Getting along with your coworkers is great—they can be friends in the real world or, at the very least, they can make the 9-5 a little more bearable. But being close with your coworkers doesn’t necessarily make it okay to talk about your crazy weekend over your morning coffee.
Here are five conversations you should avoid in the workplace:
How Much You Make
Discussing salaries with your coworkers is a huge NO. Money is an extremely touchy subject, even among friends who don’t work together, and bringing it up can get awkward quickly.
Discussing your own financial status can only lead to discomfort if others are not in the same boat. You should even avoid talking about how much something as simple as your new shoes cost. What might seem like a great deal to you might not seem so cheap to a coworker having money troubles. If asked by your work buddies about your salary, personal finances or expenses, it’s best to avoid answering—pretend you don’t remember what you paid for your new bag or simply say you would prefer not to discuss your paycheck.
It’s difficult for your coworkers to take you seriously if they know you spent Saturday night praying to the porcelain god in the bathroom of a bar. Even if you work with people your own age, you run the risk of being overheard by your boss or another higher-up when you are talking about your wild weekends at work, which could reflect poorly on you.
And definitely, keep it together when going out for a company happy hour or attending office parties by limiting how much you drink. You don’t want to earn yourself a reputation as a sloppy party goer or the office drunk. If your coworkers become friends you socialize with outside of work—or even share an apartment with—be sure to establish ground rules for keeping your personal and professional lives separate. Keep any discussion of booze-fueled escapades out of the office, and mind what you post on social media.
Remember that at work, you are coworkers first and friends second.
Under no circumstances should you steal printer paper to compile an office Burn Book.
Speaking critically of the people you work with can keep you from being seen as a team player and cause others to wonder if you say similar things about them behind their backs. This, in turn, creates a hostile work environment that can make doing your job much more difficult, particularly if you need to collaborate with your coworkers in order to accomplish your work. If you must vent about the annoying girl in the cube next to yours, save it for your non-work friends and family so that it doesn’t get back to anyone who might have their feelings hurt.
In the event that you do get pulled into a gossipy conversation, don’t contribute to it.
Religion and Politics
Chances are, neither subject is related to your job. Discussing divisive political issues or matters of faith can lead to resentment.
There’s a stat that to be a fully engaged employee, you need to have a best friend at work. I know you’re thinking, “how can you make friends without getting personal?” When making friends at work, stick to fun topics like your hobbies, music, food, sports, your neighborhood, movies and other broad topics you can use to connect with people. As always, religion, sex, and politics are good topics to avoid and are better for making enemies than friends.

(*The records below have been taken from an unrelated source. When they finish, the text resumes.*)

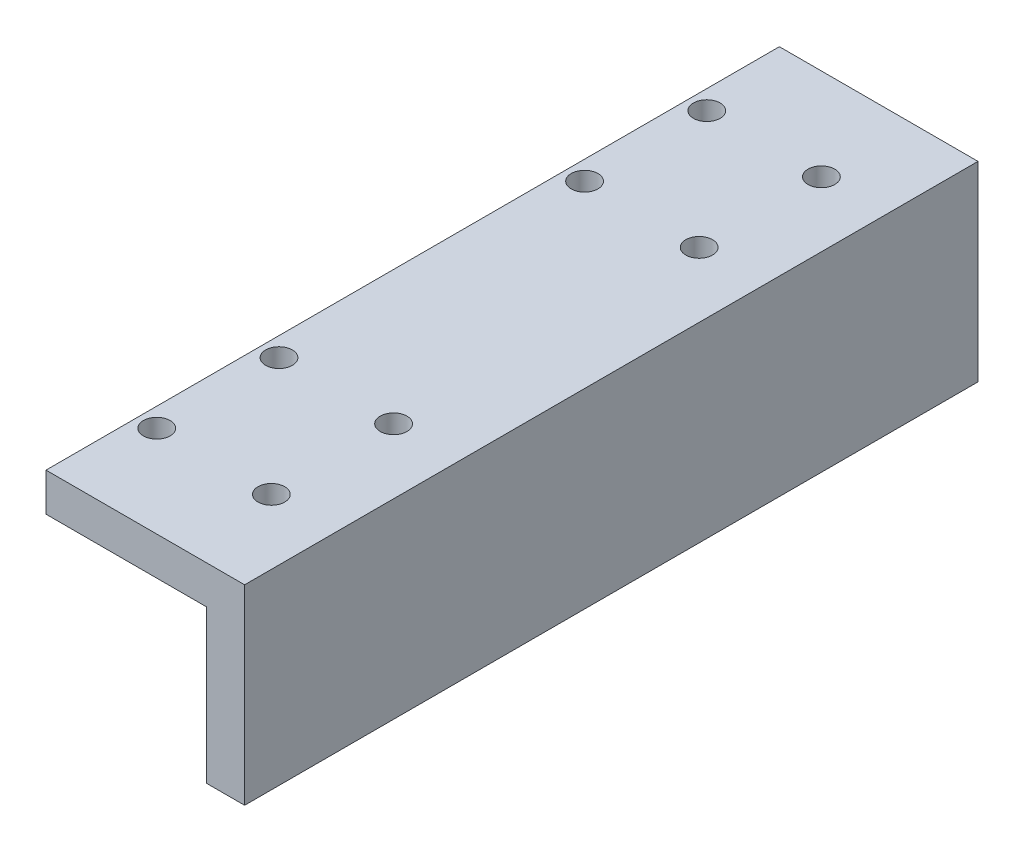
SolidWorks part; units mm, degrees
ref_plane "Front Plane" through (0, 0, 0) normal (0, 0, 1) x (1, 0, 0)
ref_plane "Top Plane" through (0, 0, 0) normal (0, 1, 0) x (1, 0, 0)
ref_plane "Right Plane" through (0, 0, 0) normal (1, 0, 0) x (0, 0, -1)
sketch "Sketch1" plane through (0, 0, 0) normal (0, 1, 0) x (1, 0, 0)
  line L0 (0, 48) -> (0, -48) construction
  line L1 (-10, 48) -> (10, 48)
  line L2 (-10, 48) -> (-10, -48)
  line L3 (-10, -48) -> (10, -48)
  line L4 (10, 48) -> (10, -48) construction
  line L5 (-10, 48) -> (10, -48) construction
  line L6 (-10, -48) -> (10, 48) construction
  line L7 (-7.5, 36) -> (7.5, 36) construction
  line L8 (-7.5, 36) -> (7.5, 20) construction
  line L9 (-10, 0) -> (10, 0) construction
  line L10 (-7.5, -36) -> (7.5, -20) construction
  line L11 (-7.5, -36) -> (7.5, -36) construction
  line L12 (-7.5, 20) -> (7.5, 20) construction
  line L13 (10, 48) -> (11, 48)
  line L14 (11, 48) -> (11, -48)
  line L15 (11, -48) -> (10, -48)
  circle A0 centre (-7.5, 36) radius 1.75
  circle A1 centre (7.5, 36) radius 1.75
  circle A2 centre (-7.5, 20) radius 1.75
  circle A3 centre (7.5, 20) radius 1.75
  circle A4 centre (7.5, -20) radius 1.75
  circle A5 centre (-7.5, -20) radius 1.75
  circle A6 centre (7.5, -36) radius 1.75
  circle A7 centre (-7.5, -36) radius 1.75
  point P0 (0, 0)
  point P16 (0, 36)
  dimension "D2" = 3.5
  dimension "D1" = 20
  dimension "D3" = 15
  dimension "D4" = 16
  dimension "D5" = 12
  dimension "D6" = 20
  dimension "D7" = 1
extrude "Boss-Extrude1" add sketch "Sketch1" along normal blind 5
sketch "Sketch2" plane through (11, 0, 0) normal (1, 0, 0) x (0, 0, -1)
  line L1 (-48, 5) -> (48, 5)
  line L2 (-48, 5) -> (-48, -20)
  line L3 (-48, -20) -> (48, -20)
  line L5 (48, 5) -> (48, -20)
  line L6 (48, 5) -> (48, 0) construction
  line L7 (-48, 5) -> (-48, 0) construction
  line L8 (-48, 5) -> (48, 5) construction
  point P7 (0, 0)
  dimension "D1" = 25
extrude "Boss-Extrude2" add sketch "Sketch2" along normal blind 5
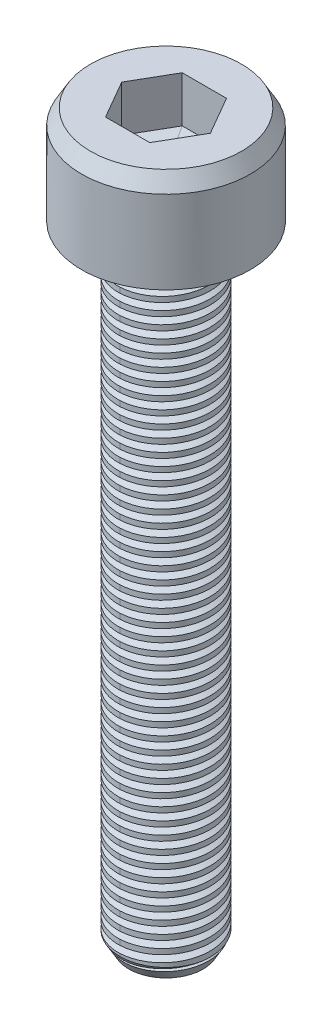
SolidWorks part; units mm, degrees
ref_plane "Front Plane" through (0, 0, 0) normal (0, 0, 1) x (1, 0, 0)
ref_plane "Top Plane" through (0, 0, 0) normal (0, 1, 0) x (1, 0, 0)
ref_plane "Right Plane" through (0, 0, 0) normal (1, 0, 0) x (0, 0, -1)
sketch "Sketch1" plane through (0, 0, 0) normal (0, 1, 0) x (1, 0, 0)
  circle A0 centre (0, 0) radius 2.75
  dimension "D1" = 5.5
extrude "Boss-Extrude1" add sketch "Sketch1" along normal blind 2.7
sketch "Sketch2" plane through (0, 2.7, 0) normal (0, 1, 0) x (1, 0, 0)
  circle A0 centre (0, 0) radius 2.75
  circle A1 centre (0, 0) radius 2.75 construction
  dimension "D1" = 5.5
extrude "Boss-Extrude2" add sketch "Sketch2" along normal blind 0.5 draft 30
sketch "Sketch5" plane through (0, 3.2, 0) normal (0, 1, 0) x (1, 0, 0)
  line L1 (1.4434, 0) -> (0.7217, 1.25)
  line L2 (0.7217, 1.25) -> (-0.7217, 1.25)
  line L3 (-0.7217, 1.25) -> (-1.4434, 0)
  line L4 (-1.4434, 0) -> (-0.7217, -1.25)
  line L5 (-0.7217, -1.25) -> (0.7217, -1.25)
  line L6 (0.7217, -1.25) -> (1.4434, 0)
  circle A0 centre (0, 0) radius 1.25 construction
  circle A1 centre (0, 0) radius 2.4613 construction
  dimension "D1" = 2.5
extrude "Cut-Extrude3" cut sketch "Sketch5" against normal blind 1.5
sketch "Sketch6" plane through (0, 1.7, 0) normal (0, 1, 0) x (1, 0, 0)
  line L0 (1.4434, 0) -> (0.7217, 1.25) construction
  line L1 (1.4434, 0) -> (0.7217, 1.25)
  line L2 (0.7217, 1.25) -> (-0.7217, 1.25)
  line L3 (-0.7217, 1.25) -> (-1.4434, 0)
  line L4 (-1.4434, 0) -> (-0.7217, -1.25)
  line L5 (-0.7217, -1.25) -> (0.7217, -1.25)
  line L6 (0.7217, -1.25) -> (1.4434, 0)
  circle A0 centre (0, 0) radius 1.25 construction
extrude "Cut-Extrude4" cut sketch "Sketch6" against normal blind 0.25 draft 80
sketch "Sketch7" plane through (0, 0, 0) normal (0, -1, 0) x (1, 0, 0)
  circle A0 centre (0, 0) radius 1.5
  circle A1 centre (0, 0) radius 2.75 construction
  dimension "D1" = 3
extrude "Boss-Extrude3" add sketch "Sketch7" along normal blind 20 contours A0
sketch "Sketch8" plane through (0, -20, 0) normal (0, -1, 0) x (1, 0, 0)
  circle A0 centre (0, 0) radius 1.5
  circle A1 centre (0, 0) radius 1.5 construction
  dimension "D1" = 3
extrude "Boss-Extrude4" add sketch "Sketch8" along normal blind 0.5 draft 30
sketch "Sketch9" plane through (0, -20.5, 0) normal (0, -1, 0) x (1, 0, 0)
  circle A0 centre (0, 0) radius 1.5
  circle A1 centre (0, 0) radius 1.2113 construction
  dimension "D1" = 3
curve "Helix/Spiral1" pitch 0.4 height 20 radius 1.5 centre (0, -20.5, 0) axis (0, 1, 0) start towards (1, 0, 0)
sketch "Sketch10" plane through (0, 0, 0) normal (0, 0, 1) x (1, 0, 0)
  line L1 (1.3037, -20.5) -> (1.5981, -20.67)
  line L2 (1.5981, -20.67) -> (1.5981, -20.33)
  line L3 (1.5981, -20.33) -> (1.3037, -20.5)
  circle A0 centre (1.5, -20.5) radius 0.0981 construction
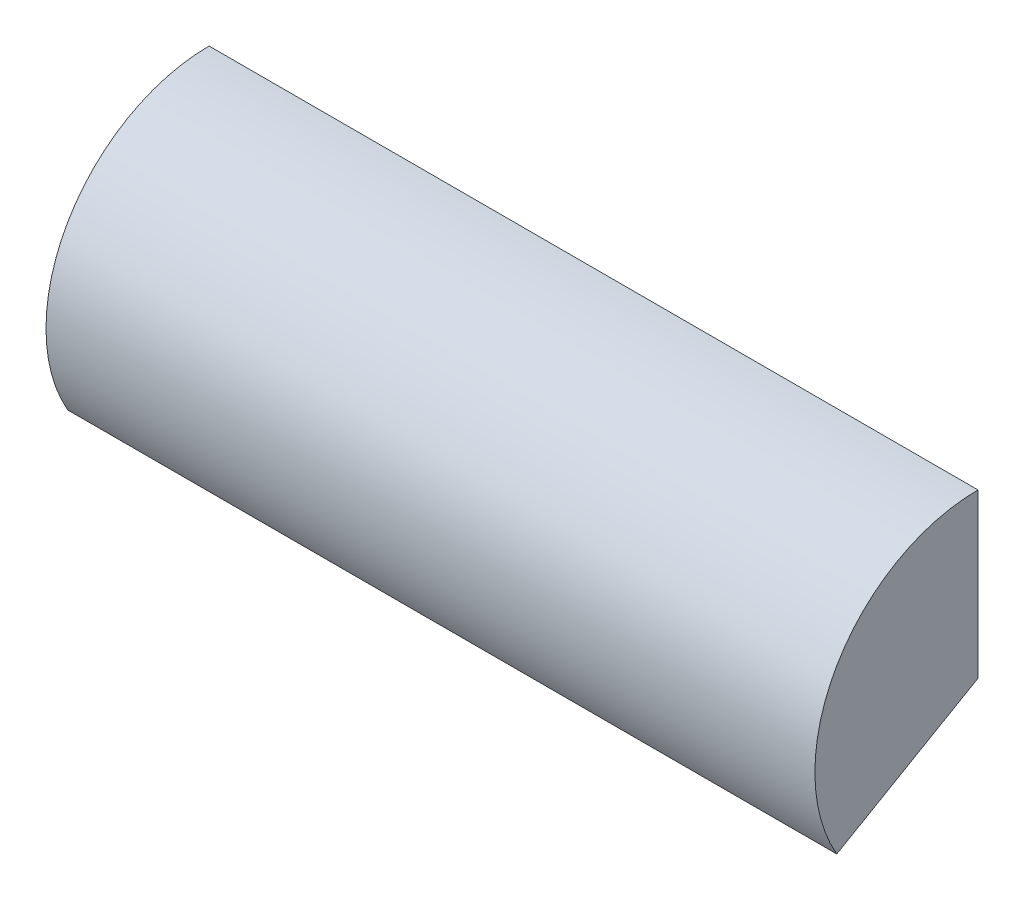
SolidWorks part; units mm, degrees
material "Expanded Polystyrene (EPS)"
ref_plane "Front Plane" through (0, 0, 0) normal (1, 0, 0) x (0, 1, 0)
ref_plane "Top Plane" through (0, 0, 0) normal (0, 0, 1) x (0, 1, 0)
ref_plane "Right Plane" through (0, 0, 0) normal (0, 1, 0) x (-1, 0, 0)
sketch "Sketch1" plane through (0, 0, 0) normal (0, 0, 1) x (0, 1, 0)
  line L1 (0, 0) -> (44.45, 0)
  line L2 (0, 0) -> (0, 215.9)
  line L3 (0, 215.9) -> (44.45, 215.9)
  line L4 (44.45, 0) -> (44.45, 215.9)
  dimension "D1" = 215.9
  dimension "D2" = 44.45
revolve "Revolve1" add sketch "Sketch1" angle 120 about L2 reverse direction yes
sketch "Sketch21" plane through (0, 0, 0) normal (0, 0, -1) x (-1, 0, 0)
  line L1 (215.9, 0) -> (0, 0) construction
  line L2 (71.8627, 22.5006) -> (63.8098, 22.5005) construction
  line L3 (193.3616, 1.4899) -> (73.3627, 22.4963) construction
  line L4 (215.9, 0) -> (0, 0)
  line L5 (71.8627, 22.5006) -> (63.8098, 22.5005)
  line L6 (193.3616, 1.4899) -> (73.3627, 22.4963)
  line L7 (193.3616, 1.4899) -> (193.3615, -0.0101)
  line L8 (71.8627, 22.5006) -> (73.3627, 22.4963)
  line L9 (3.81, 0) -> (3.4091, 11.4291) construction
  line L10 (3.4091, 11.4291) -> (63.8098, 22.5005) construction
  spline S0 degree 2 poles (3.81, 0) (3.4091, 11.4291) (63.8098, 22.5005) knots 0 0 0 1 1 1
  point P9 (3.4091, 11.4291)
revolve "Cut-Revolve21" cut sketch "Sketch21" angle 360 about L4 region at (-84.9213, 8.1739, 0)
sketch "Sketch22" plane through (-215.9, 0, 0) normal (-1, 0, 0) x (0, -1, 0)
  line L2 (-44.45, 0) -> (0, 0)
  line L3 (0, 0) -> (22.225, 38.4948)
  line L4 (-44.45, 0) -> (0, 0)
  line L5 (0, 0) -> (22.225, 38.4948)
  arc A1 (22.225, 38.4948) -> (-44.45, 0) centre (0, 0) ccw
  arc A2 (22.225, 38.4948) -> (-44.45, 0) centre (0, 0) ccw
  dimension "D1" = 0
extrude "Cut-Extrude1" cut sketch "Sketch22" against normal blind 3.175
sketch "Sketch23" plane through (0, 0, 0) normal (1, 0, 0) x (0, 1, 0)
  line L2 (-22.225, 38.4948) -> (0, 0)
  line L3 (0, 0) -> (44.45, 0)
  line L4 (-22.225, 38.4948) -> (0, 0)
  line L5 (0, 0) -> (44.45, 0)
  arc A1 (44.45, 0) -> (-22.225, 38.4948) centre (0, 0) ccw
  arc A2 (44.45, 0) -> (-22.225, 38.4948) centre (0, 0) ccw
  dimension "D1" = 0
extrude "Cut-Extrude2" cut sketch "Sketch23" against normal blind 3.175
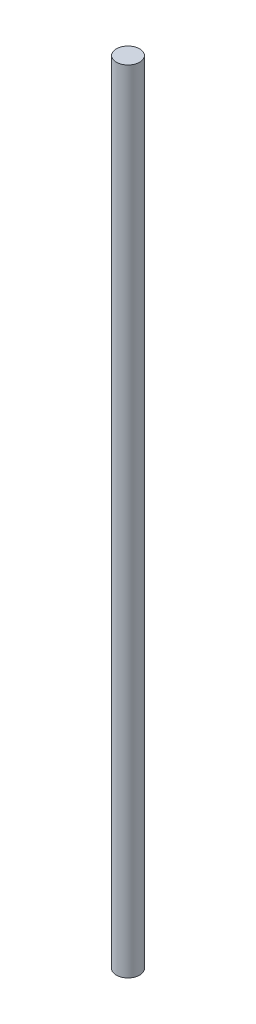
SolidWorks part; units mm, degrees
ref_plane "Front Plane" through (0, 0, 0) normal (0, 0, 1) x (1, 0, 0)
ref_plane "Top Plane" through (0, 0, 0) normal (0, 1, 0) x (1, 0, 0)
ref_plane "Right Plane" through (0, 0, 0) normal (1, 0, 0) x (0, 0, -1)
sketch "Sketch1" plane through (0, 0, 0) normal (0, 1, 0) x (1, 0, 0)
  circle A0 centre (1.3284, 0) radius 5
extrude "Boss-Extrude1" add sketch "Sketch1" along normal blind 340 contours A0
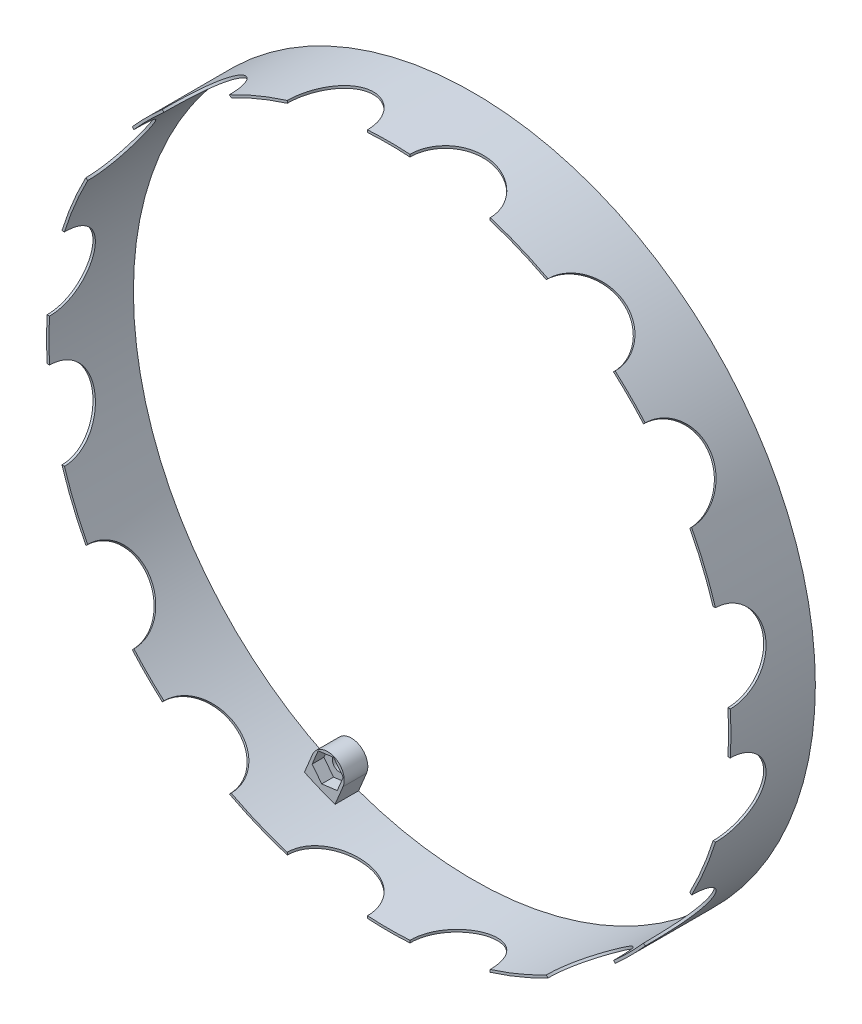
SolidWorks part; units mm, degrees
material "ABS"
ref_plane "Ebene vorne" through (0, 0, 0) normal (0, 0, 1) x (1, 0, 0)
ref_plane "Ebene oben" through (0, 0, 0) normal (0, 1, 0) x (1, 0, 0)
ref_plane "Ebene rechts" through (0, 0, 0) normal (1, 0, 0) x (0, 0, -1)
sketch "Skizze4" plane through (0, 0, 0) normal (0, 0, 1) x (1, 0, 0)
  circle A0 centre (0, 0) radius 72.5
  circle A1 centre (0, 0) radius 72
  dimension "D1" = 145
  dimension "D2" = 0.5
extrude "Base Ring" add sketch "Skizze4" along normal blind 17.9
sketch "Skizze5" plane through (0, 0, 0) normal (1, 0, 0) x (0, 0, -1)
  line L0 (0, 0) -> (-17.9, 0) construction
  line L1 (-17.9, 72.5) -> (-17.9, -72.5) construction
  line L2 (0, -72.5) -> (0, 72.5) construction
  line L3 (-17.9, 4.5) -> (-48.8483, 4.5)
  line L4 (-17.9, 4.5) -> (-17.9, 21.5) construction
  line L5 (-17.9, 21.5) -> (-48.8483, 21.5)
  line L6 (-48.8483, 4.5) -> (-48.8483, 21.5)
  line L7 (-17.9, 4.5) -> (-48.8483, 21.5) construction
  line L8 (-17.9, 21.5) -> (-48.8483, 4.5) construction
  line L9 (-48.8483, 13) -> (0, 13) construction
  line L10 (-17.9, -13) -> (0, -13) construction
  line L12 (-17.9, -21.5) -> (-48.8483, -21.5)
  line L13 (-17.9, -21.5) -> (-17.9, -4.5) construction
  line L14 (-17.9, -4.5) -> (-48.8483, -4.5)
  line L15 (-48.8483, -21.5) -> (-48.8483, -4.5)
  line L16 (-17.9, -21.5) -> (-48.8483, -4.5) construction
  line L17 (-17.9, -4.5) -> (-48.8483, -21.5) construction
  arc A0 (-17.9, 21.5) -> (-17.9, 4.5) centre (-17.9, 13) cw
  arc A1 (-17.9, -4.5) -> (-17.9, -21.5) centre (-17.9, -13) cw
  point P5 (-33.3742, 13)
  point P17 (-33.3742, -13)
  dimension "D1" = 17
  dimension "D3" = 26
  dimension "D2" = 17.9
extrude "Ultrasonic Cut" cut sketch "Skizze5" along normal through all
pattern_circular "Rotation I" count 8 over 360 about axis through (0, 0, 17.9) along (0, 0, -1) of "Ultrasonic Cut" reverse direction yes
sketch "Skizze6" plane through (0, 0, 0) normal (0, 0, 1) x (1, 0, 0)
  line L0 (0, 0) -> (72, 0) construction
  line L1 (0, 0) -> (28.5999, 69.0463) construction
  line L4 (30.7542, 65.1013) -> (24.2871, 67.7801) construction
  line L5 (24.2871, 67.7801) -> (22.5976, 63.7013)
  line L6 (22.5976, 63.7013) -> (29.0647, 61.0225)
  line L7 (29.0647, 61.0225) -> (30.7542, 65.1013)
  arc A2 (24.2871, 67.7801) -> (30.7542, 65.1013) centre (0, 0) cw
  arc A3 (33.386, 63.7916) -> (21.5, 68.715) centre (0, 0) ccw construction
  arc A4 (22.5976, 63.7013) -> (29.0647, 61.0225) centre (25.8311, 62.3619) ccw
  dimension "D1" = 7
  dimension "D2" = 67.5
  dimension "D3" = 67.5
extrude "Screw Base" add sketch "Skizze6" along normal blind 5 contours L6 A4 | A2 L5 L6 L7 region at (26.6868, 64.4276, 0) region at (25.2627, 60.9895, 0)
sketch "Skizze7" plane through (0, 0, 5) normal (0, 0, 1) x (1, 0, 0)
  line L1 (29.1225, 62.7952) -> (27.1016, 65.4289)
  line L2 (27.1016, 65.4289) -> (23.8102, 64.9956)
  line L3 (23.8102, 64.9956) -> (22.5398, 61.9286)
  line L4 (22.5398, 61.9286) -> (24.5607, 59.2948)
  line L5 (24.5607, 59.2948) -> (27.8521, 59.7281)
  line L6 (27.8521, 59.7281) -> (29.1225, 62.7952)
  line L7 (24.2871, 67.7801) -> (22.5976, 63.7013) construction
  circle A0 centre (25.8311, 62.3619) radius 1.5
  circle A1 centre (25.8311, 62.3619) radius 2.875 construction
  dimension "D1" = 3
  dimension "D2" = 5.75
extrude "Screw Center" cut sketch "Skizze7" against normal through all contours A0
extrude "Hex Nut" cut sketch "Skizze7<3>" against normal blind 2.5
sketch "Skizze7<3>" plane through (0, 0, 5) normal (0, 0, 1) x (1, 0, 0) same geometry as "Skizze7"
pattern_circular "Kreismuster2" count 2 over 360 about axis through (0, 0, 17.9) along (0, 0, -1) of "Screw Base", "Screw Center", "Hex Nut" reverse direction yes
equation "\"D_outer\"= 145mm"
equation "\"d_inner\"= 130mm"
equation "\"d_spacers\"= 135mm"
equation "\"d_spacer_hole\"= 3.5mm"
equation "\"D1@Skizze4\"=\"D_outer\""

If any of these subjects do come up, don’t let it become an in-depth discussion of your personal beliefs.
Plans to Quit
Even if you think you can trust your coworkers to keep your plans to give two weeks’ notice private, it’s best to keep it quiet until it’s a done deal. You may have misjudged their willingness or ability to keep your secrets, or they could simply slip up in front of your boss. You don’t want word getting out that you’re applying for jobs elsewhere until you’re ready to make that announcement yourself. If your boss knows you’re considering moving on, they might make that decision for you and fire you before you’re ready to quit.
Pro-Tip: Your boss should be the first to know, but if she or he finds out from your coworkers, then it’s time to immediately speak to him or her and apologize for the information leak.
Keep in mind that even if your boss accepts your apology and keeps you on board, this makes for tense office interactions until you do leave on your own terms. If you’re excited about a new job prospect or are thinking about going to grad school, call up your parents or college friends rather than discussing those plans with your coworkers.
Workplace friendships can be rewarding, but remember that this is your job, not your college dorm. Maintain a high level of professionalism when interacting with anyone from your office, and you’ll make your transition into the working world that much smoother.